How Bone Constantly Rebuilds Itself
Your skeleton isn’t a fixed structure. It goes through a continuous remodeling cycle with five stages: activation, resorption, reversal, formation, and rest. At any given spot in your skeleton, osteoclasts spend about 3 to 6 weeks dissolving old bone. Then osteoblasts move in to lay down new bone, a process that takes 4 to 5 times longer than the breakdown phase.
Mineralization itself happens in two waves. The initial round takes 2 to 3 weeks and deposits roughly 70% of the final mineral content into the fresh collagen framework. The second wave, where crystals mature and pack more densely, can continue for a year or more. This is why newly formed bone is softer than fully mature bone, and why fracture sites need months to regain full strength.
Compact Bone vs. Spongy Bone
Not all bone tissue is structured the same way. The outer shell of most bones is compact (cortical) bone, a dense, solid layer that handles most of the mechanical load. Under a microscope, compact bone is organized into cylindrical units called osteons.

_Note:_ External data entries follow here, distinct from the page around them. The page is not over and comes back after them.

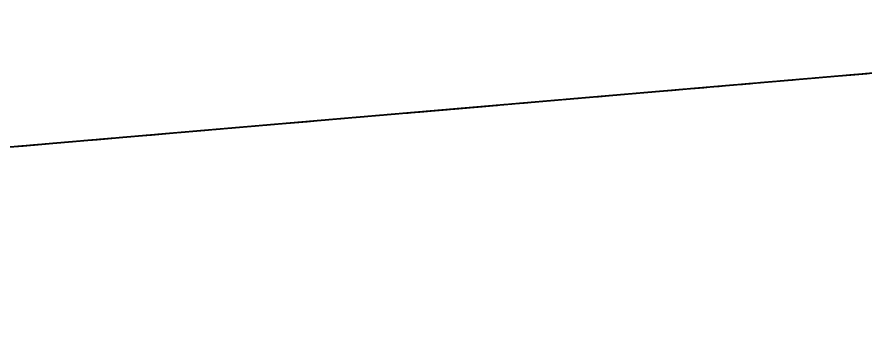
# Model space of a CAD drawing. Header units: millimetres. Extents: x 235072 to 246269, y 20126 to 21085.
# Drawn here: x 244392 to 245022, y 20782 to 21021 of the extents above; entities that cross this region are included whole.
import ezdxf

# ---------------------------------------------------------------- set-up
doc = ezdxf.new("R2010")
doc.units = ezdxf.units.MM
doc.header["$MEASUREMENT"] = 0
doc.linetypes.add('CENTER2', pattern=[1.125, 0.75, -0.125, 0.125, -0.125])
doc.linetypes.add('HIDDEN2', pattern=[0.1875, 0.125, -0.0625])
for name, color, linetype in [('Section 1-150-DS-B4-404', 1, 'Continuous'), ('Section 1-150-SL-B4-094', 14, 'Continuous'), ('Section 1-150-SL-B4-095', 14, 'Continuous'), ('Section 1-150-SL-B4-216', 85, 'Continuous'), ('Section 1-150-SL-B4-221', 85, 'Continuous'), ('Section 1-300-CEN-D3-224', 70, 'Continuous'), ('Section 1-300-FA-D4-256', 50, 'Continuous'), ('Section 1-CENTER', 1, 'CENTER2'), ('Section 1-HIDDEN', 7, 'HIDDEN2'), ('Section 1-PROPOSED_PIPE_SUPPORT_2', 6, 'Continuous'), ('Section 1-RE', 5, 'Continuous')]:
    doc.layers.add(name, color=color, linetype=linetype)

# ---------------------------------------------------------------- blocks, each defined once
blk = doc.blocks.new('*U224')
at = {"layer": 'Section 1-150-SL-B4-216', "color": 0, "linetype": 'ByBlock', "lineweight": -2}
for p, q in [((242942.79, 20800.39, 24082.55), (244656.3, 20947.1, 24082.55)), ((242942.79, 20800.39, 24022.23), (244656.3, 20947.1, 24022.23)), ((244669.66, 20948.24, 24082.55), (244675.28, 20948.72, 24082.55)), ((244669.66, 20948.24, 24022.23), (244675.28, 20948.72, 24022.23)), ((244675.28, 20948.72, 24082.55), (244675.28, 20948.72, 24022.23))]:
    blk.add_line(p, q, dxfattribs=at)
at = {"layer": 'Section 1-CENTER'}
blk.add_line((244656.3, 20947.1, 24052.39), (242942.79, 20800.39, 24052.39), dxfattribs=at)
at = {"layer": 'Section 1-HIDDEN'}
for p, q in [((244675.28, 20948.72, 24052.39), (244656.3, 20947.1, 24052.39)), ((244656.3, 20947.1, 24082.55), (244669.66, 20948.24, 24082.55)), ((244656.3, 20947.1, 24022.23), (244669.66, 20948.24, 24022.23))]:
    blk.add_line(p, q, dxfattribs=at)
blk = doc.blocks.new('*U228')
at = {"layer": 'Section 1-150-SL-B4-221', "color": 0, "linetype": 'ByBlock', "lineweight": -2}
for p, q in [((242826.96, 20790.47, 24346.87), (245513.9, 21020.52, 24346.87)), ((242956.19, 20801.54, 24178.59), (245372.35, 21008.4, 24178.59))]:
    blk.add_line(p, q, dxfattribs=at)
at = {"layer": 'Section 1-HIDDEN'}
blk.add_line((245339.98, 21005.63, 24262.73), (242723.63, 20781.62, 24262.73), dxfattribs=at)
blk = doc.blocks.new('*U268')
at = {"layer": 'Section 1-CENTER'}
blk.add_line((245317.95, 21003.75, 24235.74), (242989.92, 20804.42, 24235.74), dxfattribs=at)
at = {"layer": 'Section 1-RE', "color": 0, "linetype": 'ByBlock', "lineweight": -2}
for p, q in [((242989.92, 20804.42, 24265.9), (245317.95, 21003.75, 24265.9)), ((242989.92, 20804.42, 24205.58), (245317.95, 21003.75, 24205.58))]:
    blk.add_line(p, q, dxfattribs=at)
blk = doc.blocks.new('*U279')
at = {"layer": 'Section 1-300-FA-D4-256', "color": 0, "linetype": 'ByBlock', "lineweight": -2}
for p, q in [((244656.97, 20947.15, 24397.67), (244872.55, 20965.61, 24397.67)), ((244872.55, 20965.61, 24397.67), (244872.55, 20965.61, 24346.87))]:
    blk.add_line(p, q, dxfattribs=at)
at = {"layer": 'Section 1-HIDDEN'}
for p, q in [((244872.55, 20965.61, 24288.13), (244053.98, 20895.53, 24288.13)), ((244872.55, 20965.61, 24346.87), (244872.55, 20965.61, 24178.59)), ((244053.98, 20895.53, 24397.67), (244656.97, 20947.15, 24397.67))]:
    blk.add_line(p, q, dxfattribs=at)
blk = doc.blocks.new('*U281')
at = {"layer": 'Section 1-300-CEN-D3-224', "color": 0, "linetype": 'ByBlock', "lineweight": -2}
blk.add_line((244312.8, 20917.69, 24502.44), (244312.8, 20917.69, 24346.87), dxfattribs=at)
at = {"layer": 'Section 1-300-CEN-D3-224', "color": 0, "linetype": 'ByBlock', "lineweight": -2, "extrusion": (-0.085306, 0.996355, 1.31081e-30)}
blk.add_arc((-245206.63, 23880.61), 621.83, 90, 131.4259, dxfattribs=at)
at = {"layer": 'Section 1-300-CEN-D3-224', "color": 0, "linetype": 'ByBlock', "lineweight": -2, "extrusion": (0.085306, -0.996355, 0)}
blk.add_arc((245206.63, 23880.61), 297.98, 45, 90, dxfattribs=at)
at = {"layer": 'Section 1-HIDDEN'}
for p, q in [((244522.73, 20935.66, 24091.31), (244750.89, 20955.19, 24320.31)), ((244636.81, 20945.43, 24205.81), (244502.6, 20933.94, 24340.52)), ((244312.8, 20917.69, 24340.52), (244502.6, 20933.94, 24340.52)), ((244312.8, 20917.69, 24346.87), (244312.8, 20917.69, 24178.59))]:
    blk.add_line(p, q, dxfattribs=at)
at = {"layer": 'Section 1-HIDDEN', "extrusion": (-0.085306, 0.996355, -4.85484e-28)}
blk.add_arc((-245206.63, 23880.61), 621.83, 131.4259, 135, dxfattribs=at)
blk = doc.blocks.new('*U282')
at = {"layer": 'Section 1-300-CEN-D3-224', "color": 0, "linetype": 'ByBlock', "lineweight": -2}
for p, q in [((245271.89, 20999.8, 23797.41), (244892.1, 20967.28, 24178.59)), ((245043.73, 20980.27, 23568.41), (245271.89, 20999.8, 23797.41)), ((245043.73, 20980.27, 23568.41), (244591.57, 20941.55, 24022.23)), ((244609.69, 20943.11, 24178.59), (244522.73, 20935.66, 24091.31)), ((244531.46, 20936.41, 24082.55), (244522.73, 20935.66, 24091.31))]:
    blk.add_line(p, q, dxfattribs=at)
at = {"layer": 'Section 1-CENTER'}
for p, q in [((244736.43, 20953.96, 24105.83), (245157.81, 20990.03, 23682.91)), ((244663.94, 20947.75, 24178.59), (244690.06, 20949.99, 24152.37))]:
    blk.add_line(p, q, dxfattribs=at)
at = {"layer": 'Section 1-HIDDEN'}
for p, q in [((245271.89, 20999.8, 23797.41), (245043.73, 20980.27, 23568.41)), ((244892.1, 20967.28, 24178.59), (244750.89, 20955.19, 24320.31)), ((244522.73, 20935.66, 24091.31), (244750.89, 20955.19, 24320.31)), ((244750.89, 20955.19, 24320.31), (244609.69, 20943.11, 24178.59)), ((244690.06, 20949.99, 24152.37), (244736.43, 20953.96, 24105.83)), ((244636.81, 20945.43, 24205.81), (244663.94, 20947.75, 24178.59)), ((244591.57, 20941.55, 24022.23), (244531.46, 20936.41, 24082.55))]:
    blk.add_line(p, q, dxfattribs=at)
blk = doc.blocks.new('*U283')
at = {"layer": 'Section 1-150-SL-B4-216', "color": 0, "linetype": 'ByBlock', "lineweight": -2}
for p, q in [((244669.66, 20948.24, 24019.49), (244656.3, 20947.1, 24019.49)), ((244669.66, 20948.24, 24085.3), (244656.3, 20947.1, 24085.3)), ((244656.3, 20947.1, 24085.3), (244656.3, 20947.1, 24019.49)), ((244669.66, 20948.24, 24019.49), (244669.66, 20948.24, 24085.3)), ((244713.16, 20951.96, 24082.55), (244675.28, 20948.72, 24082.55)), ((244675.28, 20948.72, 24022.23), (244713.16, 20951.96, 24022.23))]:
    blk.add_line(p, q, dxfattribs=at)
at = {"layer": 'Section 1-150-SL-B4-216', "color": 0, "linetype": 'ByBlock', "lineweight": -2, "extrusion": (0.085306, -0.996355, 0)}
for start, end in [(246.44354, 90), (90, 113.55646)]:
    blk.add_arc((245608.54, 24052.39), 32.9, start, end, dxfattribs=at)
at = {"layer": 'Section 1-150-SL-B4-216', "color": 0, "linetype": 'ByBlock', "lineweight": -2}
blk.add_open_spline([(244713.16, 20951.96, 24082.55), (244714.09, 20952.04, 24082.55), (244715.07, 20952.13, 24082.51), (244717.04, 20952.3, 24082.32), (244718.04, 20952.38, 24082.17), (244720.03, 20952.55, 24081.78), (244721.02, 20952.64, 24081.53), (244722.91, 20952.8, 24080.94), (244723.83, 20952.88, 24080.61), (244725.54, 20953.02, 24079.9), (244726.42, 20953.1, 24079.49), (244728.17, 20953.25, 24078.55), (244729.05, 20953.32, 24078.03), (244730.73, 20953.47, 24076.9), (244731.54, 20953.54, 24076.3), (244733.07, 20953.67, 24075.03), (244733.79, 20953.73, 24074.37), (244735.1, 20953.84, 24073.06), (244735.76, 20953.9, 24072.34), (244737.02, 20954.01, 24070.8), (244737.62, 20954.06, 24069.99), (244738.74, 20954.15, 24068.3), (244739.26, 20954.2, 24067.43), (244740.19, 20954.28, 24065.67), (244740.61, 20954.31, 24064.79), (244741.32, 20954.37, 24063.07), (244741.65, 20954.4, 24062.15), (244742.23, 20954.45, 24060.25), (244742.47, 20954.47, 24059.27), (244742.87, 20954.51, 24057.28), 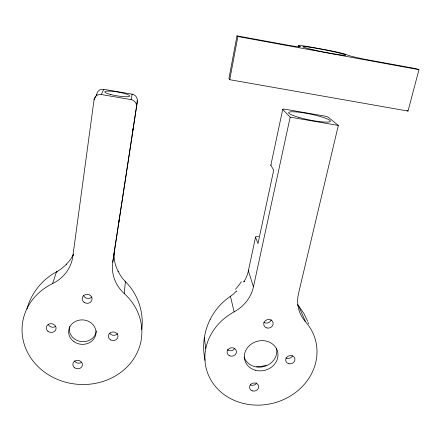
<?xml version="1.0" encoding="UTF-8"?>
<svg xmlns="http://www.w3.org/2000/svg" width="441" height="441" viewBox="0 0 441 441"><rect width="100%" height="100%" fill="white"/><g stroke="black" fill="none" stroke-linecap="round" stroke-linejoin="round"><path stroke-width="0.66" d="M118.409 224.629L118.409 224M103.762 89.81L103.74 89.242L101.325 94.55A6.549 6.328 39.4 0 0 94.038 99.809L72.831 256.359A41.189 37.568 15.7 0 1 52.6 283.574A59.97 53.62 4.9 0 0 32.634 360.479A59.97 53.62 4.9 0 0 120.365 372.706A59.97 53.62 4.9 0 0 124.246 293.557L125.393 281.628A38.576 38.301 -30.3 0 1 118.48 271.865A38.069 35.539 -0.9 0 1 114.489 250.323A5.777 2.018 8.1 0 0 114.451 249.948M118.37 225.158L118.309 225.687L118.392 225.103M141.781 329.515C144.036 312.156 137.862 293.927 125.393 281.628A5.711 0.584 -44.6 0 0 125.079 281.413M132.113 94.655L132.184 94.104L131.131 99.616A6.461 6.323 37.1 0 1 136.517 106.987L112.764 262.114A39.69 36.851 -1.3 0 0 124.246 293.557M136.517 106.987L137.316 101.237A6.185 6.053 40.4 0 0 132.168 94.17L103.679 89.303A6.262 6.058 41.4 0 0 96.717 94.335L96.557 94.661M132.52 132.84L132.945 129.841M132.973 129.671L133.331 127.267M118.409 224.982L119.202 219.557A5.854 1.814 8.5 0 0 119.202 219.392M112.764 262.114L113.965 253.9M114.07 253.178L114.39 251.028M114.489 250.323L115.266 245.251M115.366 244.617L116.143 239.518M116.242 238.879L117.025 233.758M117.124 233.118L117.912 227.969M118.012 227.324L126.727 170.7M126.826 170.061L127.609 164.94M127.708 164.295L132.498 132.995L132.085 134.224M133.419 126.694L133.766 124.401M133.855 123.827L134.648 118.651M134.737 118.078L135.089 115.768M135.178 115.189L135.977 109.974M136.065 109.396L136.423 107.069M136.512 106.49L137.316 101.237A6.152 0.981 9.6 0 0 136.942 100.807M298.7 45.759L300.216 46.498A16.697 0.904 10.9 0 1 286.893 45.004L236.982 35.864L228.929 78.581L229.733 79.694L408.03 111.071L418.95 69.684L416.155 68.686L368.318 59.926A16.664 0.871 11.3 0 1 348.076 55.274L346.075 54.447A16.482 0.865 11.1 0 0 326.792 50.026L311.313 47.181A16.488 0.871 11.1 0 0 298.7 45.759L298.425 47.055M229.733 79.694L237.886 36.526L236.982 35.864M258.685 236.486A3.748 1.136 12.1 0 0 255.537 237.17L248.382 270.818A37.088 34.453 -11.3 0 1 245.472 279.048L243.768 282.036A3.682 1.02 32.7 0 1 244.595 281.534M255.537 237.17L257.985 243.526L273.734 170.044L270.829 165.292L282.72 109.379A3.952 0.54 11.4 0 1 285.889 109.374L323.688 115.906A3.947 0.529 11.7 0 1 328.302 117.251L338.33 125.431L298.574 293.282A38.587 34.486 -24.3 0 0 305.525 321.781A56.448 50.037 -14.5 0 1 292.653 394.563A56.448 50.037 -14.5 0 1 213.152 383.521A56.448 50.037 -14.5 0 1 234.116 311.859A39.111 36.068 -11.3 0 0 253.459 286.815L290.172 117.168L282.72 109.379M26.94 309.042C31.113 293.287 42.088 279.528 56.476 271.888A39.899 39.1 2 0 0 66.167 264.402L68.383 262.064A39.453 36.173 16.4 0 0 73.443 254.231M73.052 255.604L73.267 254.848M52.6 283.574L56.476 271.888A5.716 0.805 60.9 0 1 57.22 272.003M94.038 99.809L94.561 98.745M94.732 98.393L95.069 97.698M95.239 97.351L95.405 97.009M95.741 96.331L95.906 95.995M96.232 95.322L96.392 94.991M210.054 319.626L208.003 324.24A60.654 59.127 -62.9 0 0 204.332 337.845C203.207 345.314 203.45 352.993 205.12 360.363M266.237 365.098C262.869 366.311 259.892 366.824 256.618 366.405M101.325 94.55L131.131 99.616M290.172 117.168L338.33 125.431M237.886 36.526L418.95 69.684M406.977 110.504L408.03 111.071M236.773 291.314L236.514 290.906L233.388 294.169L226.801 298.992A58.421 56.966 -62.7 0 0 210.081 319.637M305.525 321.781L298.656 306.01A37.32 36.184 87.2 0 1 297.521 304.56M307.669 321.285L303.805 313.33L298.656 306.01A3.627 0.965 -39.7 0 0 297.929 305.856M308.132 322.503L308.568 323.738M253.459 286.815L248.382 270.818A3.693 1.279 12.3 0 1 248.906 270.068M234.116 311.859L230.461 296.374A3.688 0.314 56.1 0 0 230.312 296.65M205.793 348.533L204.332 337.845A3.682 0.447 8.6 0 1 204.679 337.641M55.704 326.417A4.862 4.338 8.2 0 1 48.163 324.333M117.653 333.572A4.774 4.289 1.6 0 1 109.682 333.253M81.657 362.37A4.746 4.189 4.1 0 1 74.496 360.782M91.833 297.041A4.884 4.443 6.3 0 1 83.553 295.503M117.89 271.413A5.739 1.213 -28.1 0 1 118.519 271.843M66.624 264.815A5.744 1.362 49.7 0 1 66.525 264.131M96.717 94.335A6.213 0.987 9.3 0 1 96.783 94.258M132.995 128.755A6.08 1.185 9.4 0 1 133.066 128.987A6.091 5.937 26.3 0 1 132.587 130.564M96.359 330.816A13.577 12.155 4.9 0 1 80.714 341.488A13.577 12.155 4.9 0 1 69.617 326.555M271.292 319.813A4.702 4.234 -16.4 0 1 263.817 322.239M292.626 355.683A4.619 4.079 -17.1 0 1 285.823 357.883M256.8 382.898A4.57 4.008 -13 0 1 250.317 384.833M234.728 348.489A4.658 4.162 -11.6 0 1 227.324 349.658M270.829 165.292A3.864 0.805 11.7 0 1 271.127 164.884M276.468 348.291A16.769 14.889 -14.5 0 1 264.049 366.543A16.769 14.889 -14.5 0 1 244.094 356.973M241.365 281.7A28.4 11.097 -50.5 0 1 235.461 289.257M84.121 302.339A4.956 4.498 6.1 0 0 92.053 299.511A4.956 4.498 6.1 0 0 85.251 294.627A4.956 4.498 6.1 0 0 84.121 302.339M74.733 367.893A4.818 4.239 3.9 0 0 82.428 365.181A4.818 4.239 3.9 0 0 75.802 360.622A4.818 4.239 3.9 0 0 74.733 367.893M110.531 339.89A4.845 4.344 1.5 0 0 118.006 336.516A4.845 4.344 1.5 0 0 110.972 332.382A4.845 4.344 1.5 0 0 110.531 339.89M47.904 331.235A4.934 4.388 8 0 0 56.007 329.096A4.934 4.388 8 0 0 49.657 323.832A4.934 4.388 8 0 0 47.904 331.235M73.961 341.665A13.682 12.227 4.9 0 0 95.862 333.98A13.682 12.227 4.9 0 0 77.114 320.712A13.682 12.227 4.9 0 0 73.961 341.665M110.674 94.517A12.618 1.946 9.5 0 0 129.687 96.006A12.618 1.946 9.5 0 0 111.364 91.215A12.618 1.946 9.5 0 0 110.674 94.517M255.532 370.291A16.929 15 -14.5 0 0 277.698 352.155A16.929 15 -14.5 0 0 250.256 344.84A16.929 15 -14.5 0 0 255.532 370.291M266.97 327.983A4.774 4.289 -16.4 0 0 273.084 322.663A4.774 4.289 -16.4 0 0 265.289 320.745A4.774 4.289 -16.4 0 0 266.97 327.983M288.888 363.77A4.686 4.123 -17 0 0 294.864 358.561A4.686 4.123 -17 0 0 287.218 356.824A4.686 4.123 -17 0 0 288.888 363.77M252.439 390.908A4.636 4.052 -13 0 0 258.674 386.173A4.636 4.052 -13 0 0 251.238 383.99A4.636 4.052 -13 0 0 252.439 390.908M229.849 355.904A4.724 4.206 -11.6 0 0 236.442 351.334A4.724 4.206 -11.6 0 0 229 348.66A4.724 4.206 -11.6 0 0 229.849 355.904M298.237 117.207A21.289 2.955 11.6 0 0 330.337 121.281A21.289 2.955 11.6 0 0 299.908 112.328A21.289 2.955 11.6 0 0 298.237 117.207M313.077 49.761A21.868 1.163 11.1 0 0 345.75 55.175A21.868 1.163 11.1 0 0 314.058 47.898A21.868 1.163 11.1 0 0 313.077 49.761"/></g></svg>

Each osteon has a central canal carrying blood vessels, surrounded by concentric rings of mineralized matrix. Bone cells sit in small pockets between these rings, connected by tiny channels that deliver nutrients and allow cell-to-cell communication.
Inside the dense outer shell, many bones contain spongy (cancellous) bone. This looks like a honeycomb or lattice, with thin struts of bone tissue separated by open spaces. Spongy bone is lighter and less dense, but its architecture is remarkably efficient at distributing stress. You’ll find it concentrated at the ends of long bones, inside vertebrae, and in the pelvis, all places where the skeleton needs to absorb force from multiple directions.
Bone Marrow: What Fills the Spaces
The hollow centers and spongy regions of bone are filled with marrow, which comes in two types. Red bone marrow is a blood cell factory. Stem cells inside it produce red blood cells, white blood cells, and platelets. In adults, red marrow is concentrated in the spine, pelvis, ribs, and the ends of large bones like the femur.
Yellow bone marrow is mostly fat. It fills the central cavities of long bones and serves as an energy reserve. Yellow marrow also contains stem cells that can produce bone, cartilage, muscle, and fat cells. If the body faces severe blood loss or certain diseases, yellow marrow can convert back to red marrow to ramp up blood cell production.
Water in Bone
Bones contain about 31% water, according to data from the U.S. Geological Survey. Water fills the tiny channels between bone cells, occupies spaces within the collagen framework, and is bound within the hydroxyapatite crystals themselves. This water content contributes to bone’s ability to absorb shock. Dehydrated bone, like a specimen sitting in a lab, is noticeably more brittle than living bone, partly because it has lost this built-in cushioning.